%%

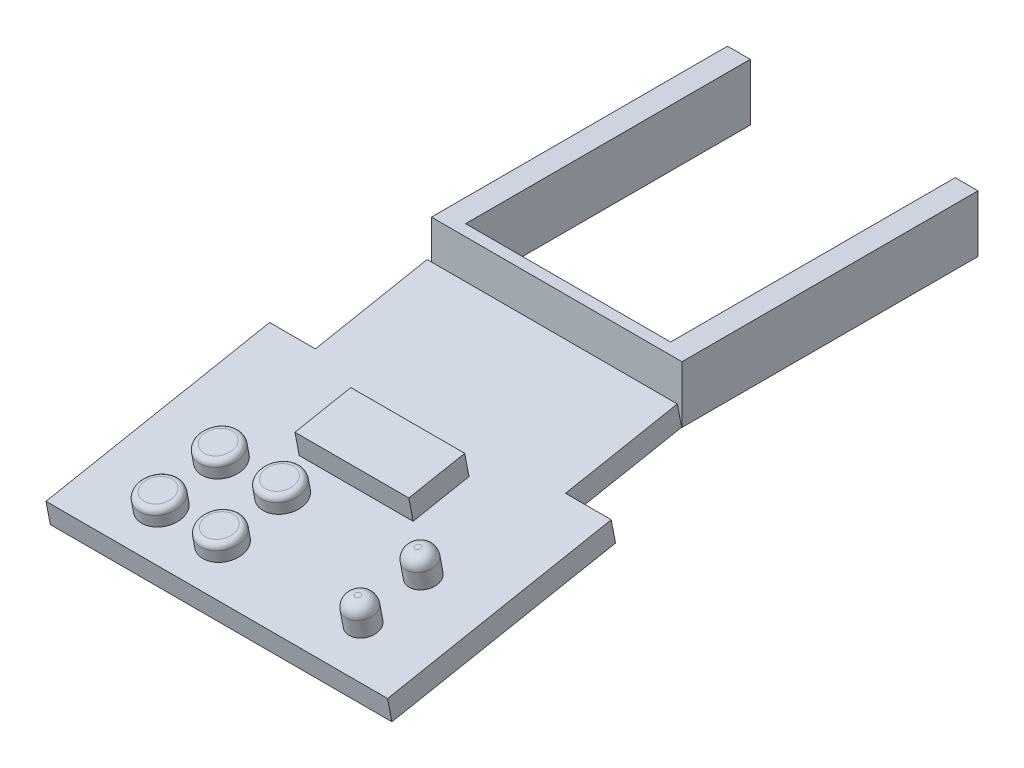
SolidWorks part; units mm, degrees
ref_plane "Front Plane" through (0, 0, 0) normal (0, 0, 1) x (1, 0, 0)
ref_plane "Top Plane" through (0, 0, 0) normal (0, 1, 0) x (1, 0, 0)
ref_plane "Right Plane" through (0, 0, 0) normal (1, 0, 0) x (0, 0, -1)
sketch "Sketch1" plane through (0, 0, 0) normal (0, 1, 0) x (1, 0, 0)
  line L0 (18, 23.2222) -> (22, 23.2222)
  line L1 (-22, 23.2222) -> (-18, 23.2222)
  line L2 (-22, 23.2222) -> (-22, -26.7778)
  line L3 (-22, -26.7778) -> (-18, -26.7778)
  line L4 (-18, 23.2222) -> (-18, -26.7778)
  line L5 (18, 23.2222) -> (18, -26.7778)
  line L6 (18, -26.7778) -> (22, -26.7778)
  line L7 (22, 23.2222) -> (22, -26.7778)
  dimension "D1" = 4
  dimension "D2" = 50
  dimension "D3" = 4
  dimension "D4" = 50
  dimension "D5" = 44
extrude "Boss-Extrude1" add sketch "Sketch1" along normal blind 10
sketch "Sketch2" plane through (0, 0, 26.7778) normal (0, 0, 1) x (1, 0, 0)
  line L1 (-22, 10) -> (22, 10)
  line L2 (-22, 10) -> (-22, 0)
  line L3 (-22, 0) -> (22, 0)
  line L4 (22, 10) -> (22, 0)
extrude "Boss-Extrude2" add sketch "Sketch2" along normal blind 2
ref_plane "Plane1" through (0, 5.3368, 1.0263) normal (0, 0.982, 0.1888) x (1, 0, 0)
sketch "Sketch3" plane through (0, 5.3368, 1.0263) normal (0, 0.982, 0.1888) x (1, 0, 0)
  line L1 (-22, -28.26) -> (21.9437, -28.26)
  line L2 (-22, -28.26) -> (-22, -48.26)
  line L3 (-22, -48.26) -> (21.9437, -48.26)
  line L4 (21.9437, -28.26) -> (21.9437, -48.26)
  line L5 (-30.0281, -48.26) -> (29.9719, -48.26)
  line L6 (-30.0281, -48.26) -> (-30.0281, -88.26)
  line L7 (-30.0281, -88.26) -> (29.9719, -88.26)
  line L8 (29.9719, -48.26) -> (29.9719, -88.26)
  point P9 (-0.0281, -48.26)
  dimension "D1" = 20
  dimension "D2" = 40
  dimension "D3" = 60
  dimension "D4" = 30
extrude "Boss-Extrude3" add sketch "Sketch3" along normal blind 4 separate body contours L4 L1 L2 L3 | L8 L5 L3 L6 L7 region at (-0.0281, -1.8885, 38.5978) region at (-0.0281, -7.5539, 68.058)
sketch "Sketch4" plane through (0, 9.2648, 1.7817) normal (0, 0.982, 0.1888) x (1, 0, 0)
  line L0 (-30.0281, -48.26) -> (-30.0281, -88.26) construction
  line L1 (-10.0281, -53.3275) -> (9.9719, -53.3275)
  line L2 (-10.0281, -53.3275) -> (-10.0281, -63.3275)
  line L3 (-10.0281, -63.3275) -> (9.9719, -63.3275)
  line L4 (9.9719, -53.3275) -> (9.9719, -63.3275)
  circle A0 centre (-17.4526, -69.6913) radius 3.5
  circle A1 centre (-17.4526, -80.449) radius 3.5
  circle A2 centre (-6.6949, -69.6913) radius 3.5
  circle A3 centre (-6.6949, -80.449) radius 3.5
  circle A4 centre (18.0024, -69.6913) radius 2.5
  circle A5 centre (18.0024, -80.449) radius 2.5
  point P4 (-0.0281, -63.3275)
  dimension "D4" = 7
  dimension "D5" = 7
  dimension "D6" = 7
  dimension "D7" = 7
  dimension "D8" = 5
  dimension "D9" = 5
  dimension "D1" = 20
  dimension "D2" = 10
  dimension "D3" = 30
extrude "Boss-Extrude4" add sketch "Sketch4" along normal blind 4 contours L1 L4 L3 L2
extrude "Boss-Extrude5" add sketch "Sketch4<3>" along normal blind 3 contours A2
sketch "Sketch4<3>" plane through (0, 9.2648, 1.7817) normal (0, 0.982, 0.1888) x (1, 0, 0) same geometry as "Sketch4"
extrude "Boss-Extrude6" add sketch "Sketch4<4>" along normal blind 3 contours A0 | A1 | A3
sketch "Sketch4<4>" plane through (0, 9.2648, 1.7817) normal (0, 0.982, 0.1888) x (1, 0, 0) same geometry as "Sketch4"
extrude "Boss-Extrude7" add sketch "Sketch4<5>" along normal blind 5 contours A5 | A4
sketch "Sketch4<5>" plane through (0, 9.2648, 1.7817) normal (0, 0.982, 0.1888) x (1, 0, 0) same geometry as "Sketch4"
fillet "Fillet1" radius 2 2 edges at (18.0024, -1.4898, 84.1824) (18.0024, 0.5417, 73.6183)
fillet "Fillet2" radius 1 4 edges at (-17.4526, -3.6427, 84.7867) (-6.6949, -3.6427, 84.7867) (-6.6949, -1.6111, 74.2226) (-17.4526, -1.6111, 74.2226)

%%

Give again, word for word, every line from the one holding "(-0.0281, -7.5539, 68.058)" to the end of the data.

→ **ANSWER**
extrude "Boss-Extrude3" add sketch "Sketch3" along normal blind 4 separate body contours L4 L1 L2 L3 | L8 L5 L3 L6 L7 region at (-0.0281, -1.8885, 38.5978) region at (-0.0281, -7.5539, 68.058)
sketch "Sketch4" plane through (0, 9.2648, 1.7817) normal (0, 0.982, 0.1888) x (1, 0, 0)
  line L0 (-30.0281, -48.26) -> (-30.0281, -88.26) construction
  line L1 (-10.0281, -53.3275) -> (9.9719, -53.3275)
  line L2 (-10.0281, -53.3275) -> (-10.0281, -63.3275)
  line L3 (-10.0281, -63.3275) -> (9.9719, -63.3275)
  line L4 (9.9719, -53.3275) -> (9.9719, -63.3275)
  circle A0 centre (-17.4526, -69.6913) radius 3.5
  circle A1 centre (-17.4526, -80.449) radius 3.5
  circle A2 centre (-6.6949, -69.6913) radius 3.5
  circle A3 centre (-6.6949, -80.449) radius 3.5
  circle A4 centre (18.0024, -69.6913) radius 2.5
  circle A5 centre (18.0024, -80.449) radius 2.5
  point P4 (-0.0281, -63.3275)
  dimension "D4" = 7
  dimension "D5" = 7
  dimension "D6" = 7
  dimension "D7" = 7
  dimension "D8" = 5
  dimension "D9" = 5
  dimension "D1" = 20
  dimension "D2" = 10
  dimension "D3" = 30
extrude "Boss-Extrude4" add sketch "Sketch4" along normal blind 4 contours L1 L4 L3 L2
extrude "Boss-Extrude5" add sketch "Sketch4<3>" along normal blind 3 contours A2
sketch "Sketch4<3>" plane through (0, 9.2648, 1.7817) normal (0, 0.982, 0.1888) x (1, 0, 0) same geometry as "Sketch4"
extrude "Boss-Extrude6" add sketch "Sketch4<4>" along normal blind 3 contours A0 | A1 | A3
sketch "Sketch4<4>" plane through (0, 9.2648, 1.7817) normal (0, 0.982, 0.1888) x (1, 0, 0) same geometry as "Sketch4"
extrude "Boss-Extrude7" add sketch "Sketch4<5>" along normal blind 5 contours A5 | A4
sketch "Sketch4<5>" plane through (0, 9.2648, 1.7817) normal (0, 0.982, 0.1888) x (1, 0, 0) same geometry as "Sketch4"
fillet "Fillet1" radius 2 2 edges at (18.0024, -1.4898, 84.1824) (18.0024, 0.5417, 73.6183)
fillet "Fillet2" radius 1 4 edges at (-17.4526, -3.6427, 84.7867) (-6.6949, -3.6427, 84.7867) (-6.6949, -1.6111, 74.2226) (-17.4526, -1.6111, 74.2226)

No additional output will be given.